In the case of healthcare minimum viable products, you do not have a choice of launching when you are still ashamed. Even though the speed to market is very much essential in this very competitive market, the safety, security and the regulatory compliance of the healthcare product is even more important. Then, what would an ideal healthcare MVP look like, and how can healthcare innovators be fast and not cut corners either in clinical or security? We have been able to accumulate experiences of more than 300 projects to outline how to launch a healthcare MVP as fast as possible and not leave anything behind.

What is healthcare MVP and how is it different striving

In general, an MVP, which is also known as a minimum viable product is the prototype version of your product that you are obliged to launch so as to determine whether your product concept meets the precise problem that the user is experiencing. The fundamental concept behind MVP development stage is that it should be created in a form of a product that has only the basic features that are considered to be sufficient to enable that product to be functional. Once released, the developers compile feedback of the user so that they can incorporate further integrations depending upon target market demand. Nevertheless, a healthcare minimum viable product is very different compared to the regular consumer-oriented MVPs:

Key Differences Between Standard and Healthcare MVPs

AspectStandard MVPHealthcare MVP
Key goalValidate market fit as quickly as possibleValidate safely and ensure compliance
Risk toleranceCan afford bugs and crashesZero tolerance to clinical and safety risks
User testingEarly adopters can afford bugs and crashesClinicians and patients need product reliability on day one
Data sensitivityModerateExtreme (PHI, medical records)

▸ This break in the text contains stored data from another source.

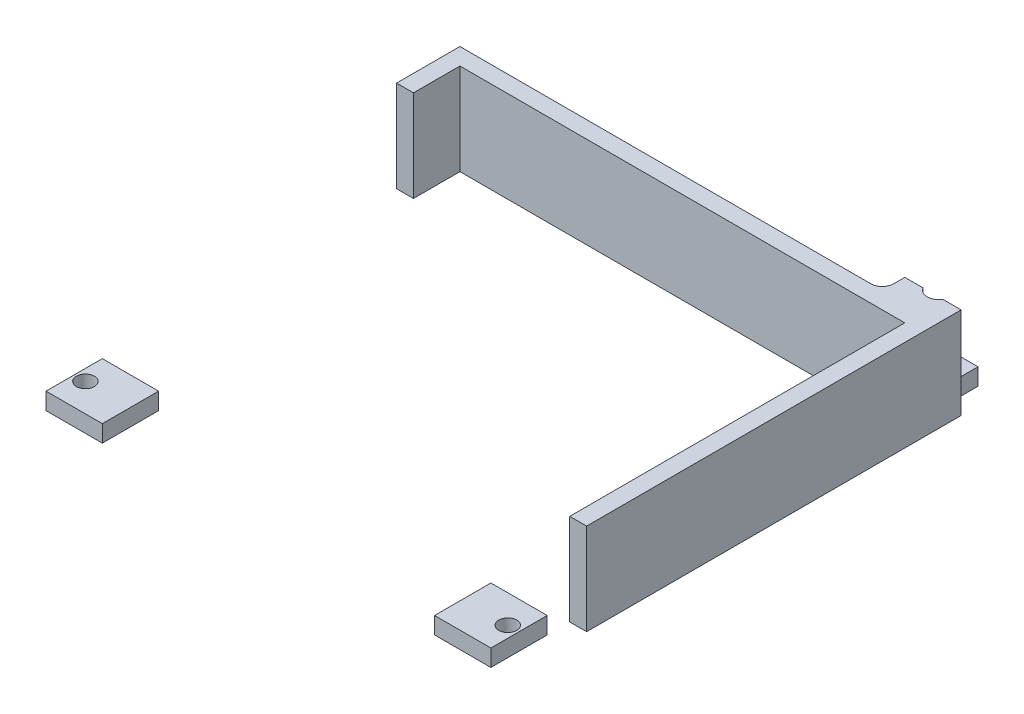
ISO-10303-21;
HEADER;
FILE_DESCRIPTION(('STEP AP214'),'2;1');
FILE_NAME('part.step','',(''),(''),'','','');
FILE_SCHEMA(('AUTOMOTIVE_DESIGN { 1 0 10303 214 1 1 1 1 }'));
ENDSEC;
DATA;
#1=APPLICATION_CONTEXT('core data for automotive mechanical design processes');
#2=APPLICATION_PROTOCOL_DEFINITION('international standard','automotive_design',2000,#1);
#3=PRODUCT_CONTEXT('',#1,'mechanical');
#4=PRODUCT('Part','Part','',(#3));
#5=PRODUCT_RELATED_PRODUCT_CATEGORY('part','',(#4));
#6=PRODUCT_DEFINITION_FORMATION('','',#4);
#7=PRODUCT_DEFINITION_CONTEXT('part definition',#1,'design');
#8=PRODUCT_DEFINITION('design','',#6,#7);
#9=PRODUCT_DEFINITION_SHAPE('','',#8);
#10=(LENGTH_UNIT() NAMED_UNIT(*) SI_UNIT(.MILLI.,.METRE.));
#11=(NAMED_UNIT(*) PLANE_ANGLE_UNIT() SI_UNIT($,.RADIAN.));
#12=(NAMED_UNIT(*) SI_UNIT($,.STERADIAN.) SOLID_ANGLE_UNIT());
#13=UNCERTAINTY_MEASURE_WITH_UNIT(LENGTH_MEASURE(1.E-05),#10,'distance_accuracy_value','');
#14=(GEOMETRIC_REPRESENTATION_CONTEXT(3) GLOBAL_UNCERTAINTY_ASSIGNED_CONTEXT((#13)) GLOBAL_UNIT_ASSIGNED_CONTEXT((#10,
#11,#12)) REPRESENTATION_CONTEXT('',''));
#15=CARTESIAN_POINT('',(0.,0.,0.));
#16=DIRECTION('',(0.,0.,1.));
#17=DIRECTION('',(1.,0.,0.));
#18=AXIS2_PLACEMENT_3D('',#15,#16,#17);
#19=CARTESIAN_POINT('',(29.5,11.6,33.25));
#20=DIRECTION('',(0.,0.,-1.));
#21=DIRECTION('',(-1.,0.,0.));
#22=AXIS2_PLACEMENT_3D('',#19,#20,#21);
#23=PLANE('',#22);
#24=DIRECTION('',(1.,0.,0.));
#25=VECTOR('',#24,1.);
#26=CARTESIAN_POINT('',(29.5,8.6,33.25));
#27=LINE('',#26,#25);
#28=CARTESIAN_POINT('',(29.5,8.6,33.25));
#29=VERTEX_POINT('',#28);
#30=CARTESIAN_POINT('',(39.5,8.6,33.25));
#31=VERTEX_POINT('',#30);
#32=EDGE_CURVE('E12',#29,#31,#27,.T.);
#33=ORIENTED_EDGE('',*,*,#32,.F.);
#34=DIRECTION('',(0.,-1.,0.));
#35=VECTOR('',#34,1.);
#36=CARTESIAN_POINT('',(29.5,11.6,33.25));
#37=LINE('',#36,#35);
#38=CARTESIAN_POINT('',(29.5,11.6,33.25));
#39=VERTEX_POINT('',#38);
#40=EDGE_CURVE('E100',#39,#29,#37,.T.);
#41=ORIENTED_EDGE('',*,*,#40,.F.);
#42=DIRECTION('',(1.,0.,0.));
#43=VECTOR('',#42,1.);
#44=CARTESIAN_POINT('',(29.5,11.6,33.25));
#45=LINE('',#44,#43);
#46=CARTESIAN_POINT('',(39.5,11.6,33.25));
#47=VERTEX_POINT('',#46);
#48=EDGE_CURVE('E56',#39,#47,#45,.T.);
#49=ORIENTED_EDGE('',*,*,#48,.T.);
#50=DIRECTION('',(0.,-1.,0.));
#51=VECTOR('',#50,1.);
#52=CARTESIAN_POINT('',(39.5,11.6,33.25));
#53=LINE('',#52,#51);
#54=EDGE_CURVE('E71',#47,#31,#53,.T.);
#55=ORIENTED_EDGE('',*,*,#54,.T.);
#56=EDGE_LOOP('',(#33,#41,#49,#55));
#57=FACE_BOUND('',#56,.T.);
#58=ADVANCED_FACE('F52',(#57),#23,.T.);
#59=CARTESIAN_POINT('',(29.5,11.6,43.25));
#60=DIRECTION('',(-1.,0.,0.));
#61=DIRECTION('',(0.,0.,1.));
#62=AXIS2_PLACEMENT_3D('',#59,#60,#61);
#63=PLANE('',#62);
#64=DIRECTION('',(0.,0.,-1.));
#65=VECTOR('',#64,1.);
#66=CARTESIAN_POINT('',(29.5,8.6,43.25));
#67=LINE('',#66,#65);
#68=CARTESIAN_POINT('',(29.5,8.6,43.25));
#69=VERTEX_POINT('',#68);
#70=EDGE_CURVE('E114',#69,#29,#67,.T.);
#71=ORIENTED_EDGE('',*,*,#70,.F.);
#72=DIRECTION('',(0.,-1.,0.));
#73=VECTOR('',#72,1.);
#74=CARTESIAN_POINT('',(29.5,11.6,43.25));
#75=LINE('',#74,#73);
#76=CARTESIAN_POINT('',(29.5,11.6,43.25));
#77=VERTEX_POINT('',#76);
#78=EDGE_CURVE('E103',#77,#69,#75,.T.);
#79=ORIENTED_EDGE('',*,*,#78,.F.);
#80=DIRECTION('',(0.,0.,-1.));
#81=VECTOR('',#80,1.);
#82=CARTESIAN_POINT('',(29.5,11.6,43.25));
#83=LINE('',#82,#81);
#84=EDGE_CURVE('E121',#77,#39,#83,.T.);
#85=ORIENTED_EDGE('',*,*,#84,.T.);
#86=ORIENTED_EDGE('',*,*,#40,.T.);
#87=EDGE_LOOP('',(#71,#79,#85,#86));
#88=FACE_BOUND('',#87,.T.);
#89=ADVANCED_FACE('F116',(#88),#63,.T.);
#90=CARTESIAN_POINT('',(29.5,11.6,43.25));
#91=DIRECTION('',(0.,0.,-1.));
#92=DIRECTION('',(-1.,0.,0.));
#93=AXIS2_PLACEMENT_3D('',#90,#91,#92);
#94=PLANE('',#93);
#95=DIRECTION('',(1.,0.,0.));
#96=VECTOR('',#95,1.);
#97=CARTESIAN_POINT('',(29.5,8.6,43.25));
#98=LINE('',#97,#96);
#99=CARTESIAN_POINT('',(39.5,8.6,43.25));
#100=VERTEX_POINT('',#99);
#101=EDGE_CURVE('E106',#69,#100,#98,.T.);
#102=ORIENTED_EDGE('',*,*,#101,.T.);
#103=DIRECTION('',(0.,-1.,0.));
#104=VECTOR('',#103,1.);
#105=CARTESIAN_POINT('',(39.5,11.6,43.25));
#106=LINE('',#105,#104);
#107=CARTESIAN_POINT('',(39.5,11.6,43.25));
#108=VERTEX_POINT('',#107);
#109=EDGE_CURVE('E108',#108,#100,#106,.T.);
#110=ORIENTED_EDGE('',*,*,#109,.F.);
#111=DIRECTION('',(1.,0.,0.));
#112=VECTOR('',#111,1.);
#113=CARTESIAN_POINT('',(29.5,11.6,43.25));
#114=LINE('',#113,#112);
#115=EDGE_CURVE('E89',#77,#108,#114,.T.);
#116=ORIENTED_EDGE('',*,*,#115,.F.);
#117=ORIENTED_EDGE('',*,*,#78,.T.);
#118=EDGE_LOOP('',(#102,#110,#116,#117));
#119=FACE_BOUND('',#118,.T.);
#120=ADVANCED_FACE('F105',(#119),#94,.F.);
#121=CARTESIAN_POINT('',(39.5,11.6,43.25));
#122=DIRECTION('',(-1.,0.,0.));
#123=DIRECTION('',(0.,0.,1.));
#124=AXIS2_PLACEMENT_3D('',#121,#122,#123);
#125=PLANE('',#124);
#126=DIRECTION('',(0.,0.,-1.));
#127=VECTOR('',#126,1.);
#128=CARTESIAN_POINT('',(39.5,8.6,43.25));
#129=LINE('',#128,#127);
#130=EDGE_CURVE('E62',#100,#31,#129,.T.);
#131=ORIENTED_EDGE('',*,*,#130,.T.);
#132=ORIENTED_EDGE('',*,*,#54,.F.);
#133=DIRECTION('',(0.,0.,-1.));
#134=VECTOR('',#133,1.);
#135=CARTESIAN_POINT('',(39.5,11.6,43.25));
#136=LINE('',#135,#134);
#137=EDGE_CURVE('E94',#108,#47,#136,.T.);
#138=ORIENTED_EDGE('',*,*,#137,.F.);
#139=ORIENTED_EDGE('',*,*,#109,.T.);
#140=EDGE_LOOP('',(#131,#132,#138,#139));
#141=FACE_BOUND('',#140,.T.);
#142=ADVANCED_FACE('F136',(#141),#125,.F.);
#143=CARTESIAN_POINT('',(0.,11.6,0.));
#144=DIRECTION('',(0.,1.,0.));
#145=DIRECTION('',(0.,0.,1.));
#146=AXIS2_PLACEMENT_3D('',#143,#144,#145);
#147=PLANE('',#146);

Your minimum has to be compliant (HIPAA, FDA, GDPR, etc.)

Prototype vs Proof of Concept vs healthcare MVP development

Contrary to popular belief, a minimum viable product in healthcare requires different strategies. In short, where you begin is dictated by where your greatest risk is:

When to Use Each Approach

Proof of Concept (PoC) - When you are in the "Can we even build this safely?" phase, then your healthcare project requires a proof of concept to determine whether your high-risk technology idea can be successfully implemented technically. A PoC is typically meant to be internally focused. Prototype - The answer to "Will clinicians and patients use this correctly?" is to respond with a prototype. A prototype is an illustrated, interactable model of a product idea that illustrates the appearance and actions of the product. MVP - The first real milestone that provides the answer to "Does this work and comply?" is an MVP. As opposed to PoCs and prototypes, MVPs are facing and can also undergo real-world testing in controlled conditions.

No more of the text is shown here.